- **EXERCISE**: Please reproduce the line containing "msp.add_blockref('*U544', (2514560.4, -608374.9))" and every line after it in the records below, exactly and with nothing else.

- **Records from a data collection**:
-------------------------

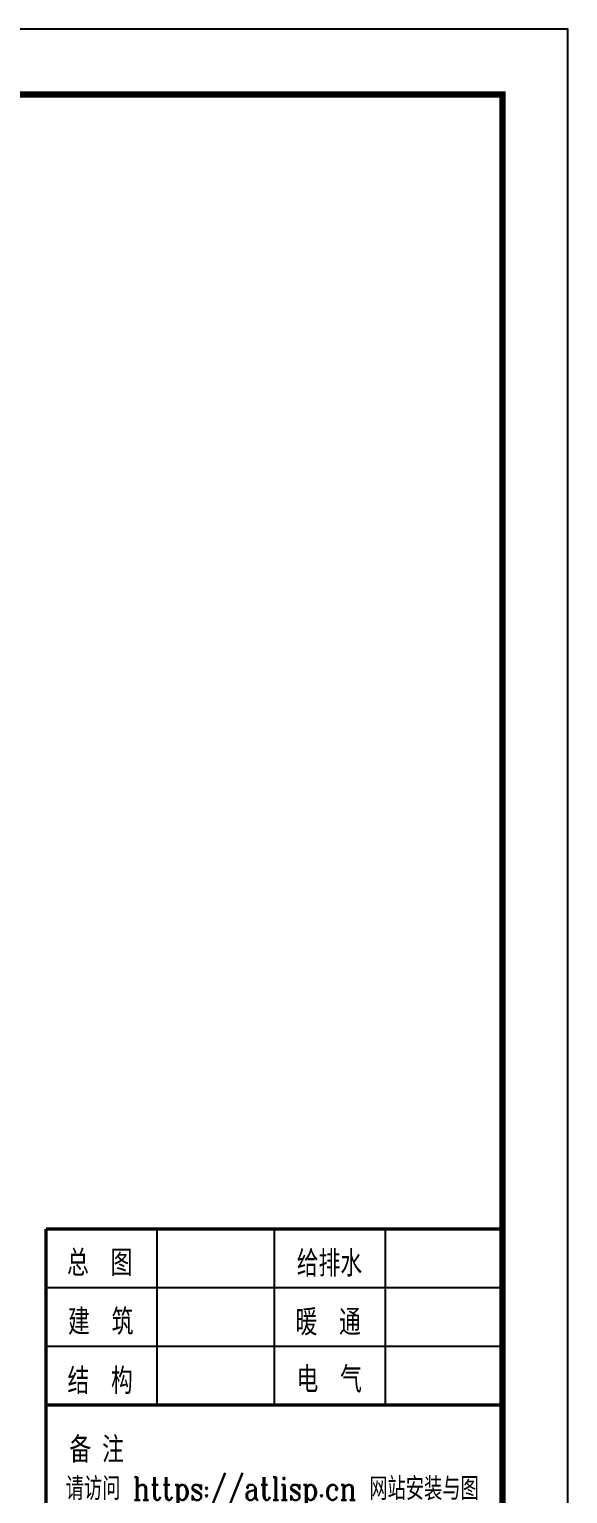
# Model space of a CAD drawing. Extents: x 2430460 to 2514560, y -608375 to -364775.
# Drawn here: x 2506303 to 2514560, y -571434 to -548975 of the extents above; entities that cross this region are included whole.
import ezdxf
from ezdxf.enums import TextEntityAlignment as Align

# ---------------------------------------------------------------- set-up
doc = ezdxf.new("R2010")
doc.units = 0
doc.header["$LTSCALE"] = 1000
doc.header["$MEASUREMENT"] = 0
doc.layers.add('TK', color=4, linetype='Continuous')
doc.styles.add('_THVAC_SERIAL', font='COMPLEX', dxfattribs={"width": 0.8, "height": 3.5, "bigfont": 'HZTXT'})
doc.styles.add('HZTXT1', font='romans.shx', dxfattribs={"width": 0.7, "bigfont": 'GBHZFS.SHX'})
doc.styles.get("Standard").update_dxf_attribs({"font": 'gbenor.shx', "bigfont": 'gbcbig.shx'})
doc.styles.add('黑体', font='simhei.ttf')

# ---------------------------------------------------------------- blocks, each defined once
blk = doc.blocks.new('*U544')
at = {"color": 3}
blk.add_lwpolyline([(-84100, 0), (0, 0), (0, 59400), (-84100, 59400)], close=True, dxfattribs=at)
at = {"color": 3, "const_width": 100}
blk.add_lwpolyline([(-81600, 1000), (-1000, 1000), (-1000, 58400), (-81600, 58400)], close=True, dxfattribs=at)
at = {"layer": 'TK', "color": 2}
for p, q in [((-6300, 41000), (-6300, 38300)), ((-4500, 41000), (-4500, 38300)), ((-2800, 41000), (-2800, 38300)), ((-1000, 40100), (-8000, 40100)), ((-1000, 39200), (-8000, 39200)), ((-1000, 38300), (-8000, 38300))]:
    blk.add_line(p, q, dxfattribs=at)
at = {"layer": 'TK', "color": 2, "const_width": 50, "flags": 128}
for points in [[(-8000, 41000), (-8000, 1000)], [(-1000, 38300), (-8000, 38300)]]:
    blk.add_lwpolyline(points, dxfattribs=at)
at = {"layer": 'TK', "color": 3, "const_width": 50, "flags": 128}
blk.add_lwpolyline([(-1000, 41000), (-8000, 41000)], dxfattribs=at)
at = {"color": 1, "insert": (-7699, 37193), "char_height": 350, "attachment_point": 1, "style": '_THVAC_SERIAL'}
blk.add_mtext_dynamic_manual_height_columns('请访问 https://atlisp.cn 网站安装与图框相匹配的管理插件。\\P主要功能：自动生成图号，图名，图纸目录，批量出图等。', width=6464.45, gutter_width=17.5, heights=[2793], dxfattribs=at)
at = {"layer": 'TK', "color": 2, "ltscale": 0.6, "style": '黑体', "width": 0.7}
for s, p in [('总  图', (-7678, 40318)), ('给排水', (-4155, 40309)), ('建  筑', (-7663, 39414)), ('暖  通', (-4175, 39407)), ('结  构', (-7671, 38507)), ('电  气', (-4159, 38529)), ('备 注', (-7641, 37453))]:
    blk.add_text(s, height=350, dxfattribs=at).set_placement(p)
at = {"layer": 'TK', "color": 4, "style": 'HZTXT1'}
for tag, height, width, p in [('项目负责1', 400, 0.6, (-4500, 19196)), ('项目负责2', 400, 0.6, (-4500, 18296)), ('专责', 400, 0.6, (-4500, 17396)), ('审定', 400, 0.6, (-4500, 16496)), ('审核', 400, 0.6, (-4500, 15596)), ('校对', 400, 0.6, (-4500, 14696)), ('设计', 400, 0.6, (-4500, 13796)), ('绘图', 400, 0.6, (-4500, 12896)), ('建设单位', 450, 0.6, (-4500, 11050)), ('工号', 400, 0.5, (-5501, 3507)), ('版次', 400, 0.7, (-2138, 3498)), ('阶段', 400, 0.7, (-2138, 2498)), ('比例', 400, 0.7, (-5491, 1513)), ('日期', 400, 0.7, (-2138, 1498))]:
    blk.add_attdef(tag, text='', height=height, dxfattribs=dict(at, width=width)).set_placement(p, align=Align.MIDDLE)
at = {"layer": 'TK', "color": 1, "lineweight": -3, "style": 'HZTXT1', "width": 0.6}
blk.add_attdef('工程名称', text='', height=450, dxfattribs=at).set_placement((-4500, 9050), align=Align.MIDDLE)
at = {"layer": 'TK', "color": 4, "lineweight": -3, "style": 'HZTXT1', "width": 0.6}
blk.add_attdef('子项名称', text='', height=450, dxfattribs=at).set_placement((-4500, 7050), align=Align.MIDDLE)
at = {"layer": 'TK', "color": 1, "lineweight": -3, "width": 0.6, "flags": 104}
blk.add_attdef('图名', text='', height=400, dxfattribs=at).set_placement((-4558, 4958), align=Align.MIDDLE_CENTER)
at = {"layer": 'TK', "color": 1, "style": 'HZTXT1', "width": 0.7}
blk.add_attdef('图号', text='', height=400, dxfattribs=at).set_placement((-5491, 2513), align=Align.MIDDLE)

msp = doc.modelspace()

# ---------------------------------------------------------------- block references
msp.add_blockref('*U544', (2514560.4, -608374.9))

doc.saveas('drawing.dxf')

-------------------------

- **FINAL ANSWER**:
msp.add_blockref('*U544', (2514560.4, -608374.9))

doc.saveas('drawing.dxf')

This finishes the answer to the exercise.